Securing Space

Space is a critical strategic domain—just like oceans and airspace. Space assets are vital to modern life, underpinning the United States’ security and prosperity. In the past five years, however, conditions in space have changed drastically, raising new problems that demand new solutions. In an earlier era, space activities were dominated by a few countries implementing government-led programs. But those days are gone.

For one thing, the number of actors has proliferated. Private companies have become the drivers of innovation and activity in space, injecting ingenuity and efficiency into the U.S. government’s space program. Newer companies can execute fixed-price contracts—which do not cover cost increases—faster and for less money than legacy manufacturers, which are accustomed to a cost-plus fee payment model that allows the company to pass cost overruns on to the government agency purchaser.3 The availability of private sector launches has, in turn, opened space to more governments. Over ninety countries now have assets in space providing services or observing Earth (see figure below).4 The list of countries includes China and Russia, both U.S. adversaries. China has launched its own crewed Earth-orbiting space station and landed two uncrewed spacecraft on the far side of the Moon. Russia plans to cooperate with China on the International Lunar Research Station. But friendly countries also see space programs as a mark of great-power status. India, for example, has landed a device near the lunar south pole and has made clear it wants to be included in making decisions regarding use of the Moon. 

As more governments and companies send more objects into space, that realm has become increasingly congested. Since 2018, the number of satellites orbiting in LEO has doubled, fueled by the dramatic expansion in private sector transport and service providers.5 The number of objects launched into space quadrupled from 2019 to 2023.6 The number of objects launched from the United States increased nearly six times in those four years. SpaceX accounts for most of that dramatic expansion, which includes the company’s contracts with the U.S. Department of Defense and NASA (see figure below). SpaceX’s Starlink satellite constellation accounts for some 60 percent of all satellites in space. 

This Task Force Report focuses primarily on LEO, an altitude up to 1,243 miles.
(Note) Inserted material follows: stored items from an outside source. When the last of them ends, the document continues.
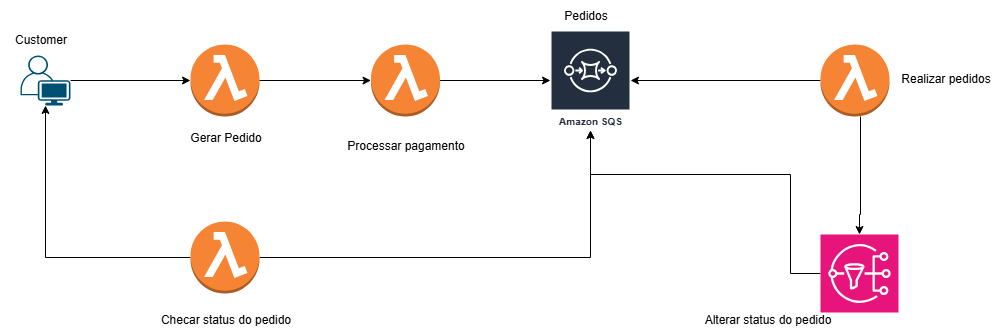

The diagram above was exported from draw.io. Its source (the exported page's mxGraphModel, read from the mxfile embedded in the PNG):
<mxGraphModel dx="872" dy="473" grid="1" gridSize="10" guides="1" tooltips="1" connect="1" arrows="1" fold="1" page="1" pageScale="1" pageWidth="827" pageHeight="1169" math="0" shadow="0">
  <root>
    <mxCell id="0" />
    <mxCell id="1" parent="0" />
    <mxCell id="NPNFbTJSsTrgYdbC2ZAG-1" value="" style="outlineConnect=0;dashed=0;verticalLabelPosition=bottom;verticalAlign=top;align=center;html=1;shape=mxgraph.aws3.lambda_function;fillColor=#F58534;gradientColor=none;" vertex="1" parent="1">
      <mxGeometry x="220" y="130" width="69" height="72" as="geometry" />
    </mxCell>
    <mxCell id="NPNFbTJSsTrgYdbC2ZAG-2" value="Gerar Pedido" style="text;html=1;align=center;verticalAlign=middle;resizable=0;points=[];autosize=1;strokeColor=none;fillColor=none;" vertex="1" parent="1">
      <mxGeometry x="209.5" y="208" width="90" height="30" as="geometry" />
    </mxCell>
    <mxCell id="NPNFbTJSsTrgYdbC2ZAG-4" style="edgeStyle=orthogonalEdgeStyle;rounded=0;orthogonalLoop=1;jettySize=auto;html=1;" edge="1" parent="1" source="NPNFbTJSsTrgYdbC2ZAG-3" target="NPNFbTJSsTrgYdbC2ZAG-1">
      <mxGeometry relative="1" as="geometry" />
    </mxCell>
    <mxCell id="NPNFbTJSsTrgYdbC2ZAG-3" value="" style="points=[[0.35,0,0],[0.98,0.51,0],[1,0.71,0],[0.67,1,0],[0,0.795,0],[0,0.65,0]];verticalLabelPosition=bottom;sketch=0;html=1;verticalAlign=top;aspect=fixed;align=center;pointerEvents=1;shape=mxgraph.cisco19.user;fillColor=#005073;strokeColor=none;" vertex="1" parent="1">
      <mxGeometry x="50" y="141" width="50" height="50" as="geometry" />
    </mxCell>
    <mxCell id="NPNFbTJSsTrgYdbC2ZAG-7" value="Amazon SQS" style="sketch=0;outlineConnect=0;fontColor=#232F3E;gradientColor=none;strokeColor=#ffffff;fillColor=#232F3E;dashed=0;verticalLabelPosition=middle;verticalAlign=bottom;align=center;html=1;whiteSpace=wrap;fontSize=10;fontStyle=1;spacing=3;shape=mxgraph.aws4.productIcon;prIcon=mxgraph.aws4.sqs;" vertex="1" parent="1">
      <mxGeometry x="580" y="116" width="80" height="100" as="geometry" />
    </mxCell>
    <mxCell id="NPNFbTJSsTrgYdbC2ZAG-9" value="Processar pagamento" style="text;html=1;align=center;verticalAlign=middle;resizable=0;points=[];autosize=1;strokeColor=none;fillColor=none;" vertex="1" parent="1">
      <mxGeometry x="365" y="216" width="140" height="30" as="geometry" />
    </mxCell>
    <mxCell id="NPNFbTJSsTrgYdbC2ZAG-11" style="edgeStyle=orthogonalEdgeStyle;rounded=0;orthogonalLoop=1;jettySize=auto;html=1;" edge="1" parent="1" source="NPNFbTJSsTrgYdbC2ZAG-10" target="NPNFbTJSsTrgYdbC2ZAG-3">
      <mxGeometry relative="1" as="geometry" />
    </mxCell>
    <mxCell id="NPNFbTJSsTrgYdbC2ZAG-35" style="edgeStyle=orthogonalEdgeStyle;rounded=0;orthogonalLoop=1;jettySize=auto;html=1;" edge="1" parent="1" source="NPNFbTJSsTrgYdbC2ZAG-10" target="NPNFbTJSsTrgYdbC2ZAG-7">
      <mxGeometry relative="1" as="geometry" />
    </mxCell>
    <mxCell id="NPNFbTJSsTrgYdbC2ZAG-10" value="" style="outlineConnect=0;dashed=0;verticalLabelPosition=bottom;verticalAlign=top;align=center;html=1;shape=mxgraph.aws3.lambda_function;fillColor=#F58534;gradientColor=none;" vertex="1" parent="1">
      <mxGeometry x="220" y="307" width="69" height="72" as="geometry" />
    </mxCell>
    <mxCell id="NPNFbTJSsTrgYdbC2ZAG-12" value="Checar status do pedido" style="text;html=1;align=center;verticalAlign=middle;resizable=0;points=[];autosize=1;strokeColor=none;fillColor=none;" vertex="1" parent="1">
      <mxGeometry x="179.5" y="390" width="150" height="30" as="geometry" />
    </mxCell>
    <mxCell id="NPNFbTJSsTrgYdbC2ZAG-13" value="Customer" style="text;html=1;align=center;verticalAlign=middle;resizable=0;points=[];autosize=1;strokeColor=none;fillColor=none;" vertex="1" parent="1">
      <mxGeometry x="30" y="110" width="80" height="30" as="geometry" />
    </mxCell>
    <mxCell id="NPNFbTJSsTrgYdbC2ZAG-20" style="edgeStyle=orthogonalEdgeStyle;rounded=0;orthogonalLoop=1;jettySize=auto;html=1;" edge="1" parent="1" source="NPNFbTJSsTrgYdbC2ZAG-18">
      <mxGeometry relative="1" as="geometry">
        <mxPoint x="580" y="166" as="targetPoint" />
      </mxGeometry>
    </mxCell>
    <mxCell id="NPNFbTJSsTrgYdbC2ZAG-18" value="" style="outlineConnect=0;dashed=0;verticalLabelPosition=bottom;verticalAlign=top;align=center;html=1;shape=mxgraph.aws3.lambda_function;fillColor=#F58534;gradientColor=none;" vertex="1" parent="1">
      <mxGeometry x="400.5" y="130" width="69" height="72" as="geometry" />
    </mxCell>
    <mxCell id="NPNFbTJSsTrgYdbC2ZAG-19" style="edgeStyle=orthogonalEdgeStyle;rounded=0;orthogonalLoop=1;jettySize=auto;html=1;entryX=0;entryY=0.5;entryDx=0;entryDy=0;entryPerimeter=0;" edge="1" parent="1" source="NPNFbTJSsTrgYdbC2ZAG-1" target="NPNFbTJSsTrgYdbC2ZAG-18">
      <mxGeometry relative="1" as="geometry" />
    </mxCell>
    <mxCell id="NPNFbTJSsTrgYdbC2ZAG-27" value="Pedidos" style="text;html=1;align=center;verticalAlign=middle;resizable=0;points=[];autosize=1;strokeColor=none;fillColor=none;" vertex="1" parent="1">
      <mxGeometry x="580" y="86" width="70" height="30" as="geometry" />
    </mxCell>
    <mxCell id="NPNFbTJSsTrgYdbC2ZAG-30" style="edgeStyle=orthogonalEdgeStyle;rounded=0;orthogonalLoop=1;jettySize=auto;html=1;" edge="1" parent="1" source="NPNFbTJSsTrgYdbC2ZAG-29" target="NPNFbTJSsTrgYdbC2ZAG-7">
      <mxGeometry relative="1" as="geometry" />
    </mxCell>
    <mxCell id="NPNFbTJSsTrgYdbC2ZAG-33" style="edgeStyle=orthogonalEdgeStyle;rounded=0;orthogonalLoop=1;jettySize=auto;html=1;" edge="1" parent="1" source="NPNFbTJSsTrgYdbC2ZAG-29" target="NPNFbTJSsTrgYdbC2ZAG-34">
      <mxGeometry relative="1" as="geometry">
        <mxPoint x="792.5" y="300" as="targetPoint" />
        <Array as="points">
          <mxPoint x="890" y="300" />
          <mxPoint x="889" y="300" />
        </Array>
      </mxGeometry>
    </mxCell>
    <mxCell id="NPNFbTJSsTrgYdbC2ZAG-29" value="" style="outlineConnect=0;dashed=0;verticalLabelPosition=bottom;verticalAlign=top;align=center;html=1;shape=mxgraph.aws3.lambda_function;fillColor=#F58534;gradientColor=none;" vertex="1" parent="1">
      <mxGeometry x="850" y="130" width="69" height="72" as="geometry" />
    </mxCell>
    <mxCell id="NPNFbTJSsTrgYdbC2ZAG-31" value="Realizar pedidos&lt;div&gt;&lt;br&gt;&lt;/div&gt;" style="text;html=1;align=center;verticalAlign=middle;resizable=0;points=[];autosize=1;strokeColor=none;fillColor=none;" vertex="1" parent="1">
      <mxGeometry x="920" y="151" width="110" height="40" as="geometry" />
    </mxCell>
    <mxCell id="NPNFbTJSsTrgYdbC2ZAG-37" style="edgeStyle=orthogonalEdgeStyle;rounded=0;orthogonalLoop=1;jettySize=auto;html=1;" edge="1" parent="1" source="NPNFbTJSsTrgYdbC2ZAG-34" target="NPNFbTJSsTrgYdbC2ZAG-7">
      <mxGeometry relative="1" as="geometry">
        <Array as="points">
          <mxPoint x="820" y="359" />
          <mxPoint x="820" y="260" />
          <mxPoint x="620" y="260" />
        </Array>
      </mxGeometry>
    </mxCell>
    <mxCell id="NPNFbTJSsTrgYdbC2ZAG-34" value="" style="sketch=0;points=[[0,0,0],[0.25,0,0],[0.5,0,0],[0.75,0,0],[1,0,0],[0,1,0],[0.25,1,0],[0.5,1,0],[0.75,1,0],[1,1,0],[0,0.25,0],[0,0.5,0],[0,0.75,0],[1,0.25,0],[1,0.5,0],[1,0.75,0]];outlineConnect=0;fontColor=#232F3E;fillColor=#E7157B;strokeColor=#ffffff;dashed=0;verticalLabelPosition=bottom;verticalAlign=top;align=center;html=1;fontSize=12;fontStyle=0;aspect=fixed;shape=mxgraph.aws4.resourceIcon;resIcon=mxgraph.aws4.sns;" vertex="1" parent="1">
      <mxGeometry x="850" y="320" width="78" height="78" as="geometry" />
    </mxCell>
    <mxCell id="NPNFbTJSsTrgYdbC2ZAG-36" value="Alterar status do pedido" style="text;html=1;align=center;verticalAlign=middle;resizable=0;points=[];autosize=1;strokeColor=none;fillColor=none;" vertex="1" parent="1">
      <mxGeometry x="722" y="390" width="150" height="30" as="geometry" />
    </mxCell>
  </root>
</mxGraphModel>

Satellites also orbit in medium Earth orbit (MEO), 1,243 miles to 22,236 miles, and geosynchronous orbit (GEO), above 22,236 miles (see figure below).7 However, the launch of megaconstellations and other commercial activities has increased congestion at lower altitudes, hence this report’s focus on LEO. Access to desirable locations within LEO is a limited and increasingly scarce resource. The barriers to entry are low and getting lower as prices drop. According to Thomas G. Roberts at the Center for Strategic and International Studies Aerospace Security Project, twenty years ago, the cost of a launch to LEO was $8,100/kg on an Atlas V rocket and $10,400/kg on a Delta IV rocket. In 2010, the Falcon 9 brought that cost down to $2,600/kg.8

Adding to the congestion is the rise in space debris, driven significantly by three recent events. In 2007, an ASAT test that China conducted against one of its own weather satellites created more than three thousand pieces of trackable debris.9 Two years later, Cosmos 2251, an inactive Russian satellite, collided with an Iridium satellite, creating over two thousand pieces of debris.  In November 2021, Russia conducted a direct-ascent ASAT missile test against one of its own satellites, creating thousands of pieces of debris.10 That action even endangered its own citizens, as Russian cosmonauts as well as the U.S. and European astronauts working on the ISS were ordered to shelter in the attached emergency escape vehicles due to the risk of debris collision.11 The increase in congestion and space debris makes those types of collisions more likely. That endangers not just assets such as satellites but also the lives of astronauts (see figure below). As early as 1978, NASA scientist Donald Kessler foresaw that an increasing number of objects in space could cause more collisions, which would create more debris, and hence even more collisions. The cascading “Kessler Effect” would degrade LEO, rendering it uneconomic.

Even as services from space have become more endangered, daily life has increasingly come to depend on them. Billions of people—including farmers growing crops, businesspeople managing inventory, and parents dressing their children for school—rely on weather reports based on information from satellites (see figure below). As of 2021, there were 6.5 billion devices using global navigation satellite systems (GNSS), including the United States’ GPS, Russia’s GLONASS, China’s BeiDou, the European Union’s Galileo, India’s Indian Regional Navigation Satellite System, and Japan’s Quasi-Zenith Satellite System (see figure below). Moreover, the space economy is only growing. In April 2024, the World Economic Forum projected that the global space economy “will be worth $1.8 trillion by 2035, up from $630 billion in 2023,” expanding at “almost twice the rate of global GDP growth.”12 The space economy encompasses not only satellites and launch vehicles, but other activities such as spacecraft servicing and repair, weather prediction, and Earth imagery analysis.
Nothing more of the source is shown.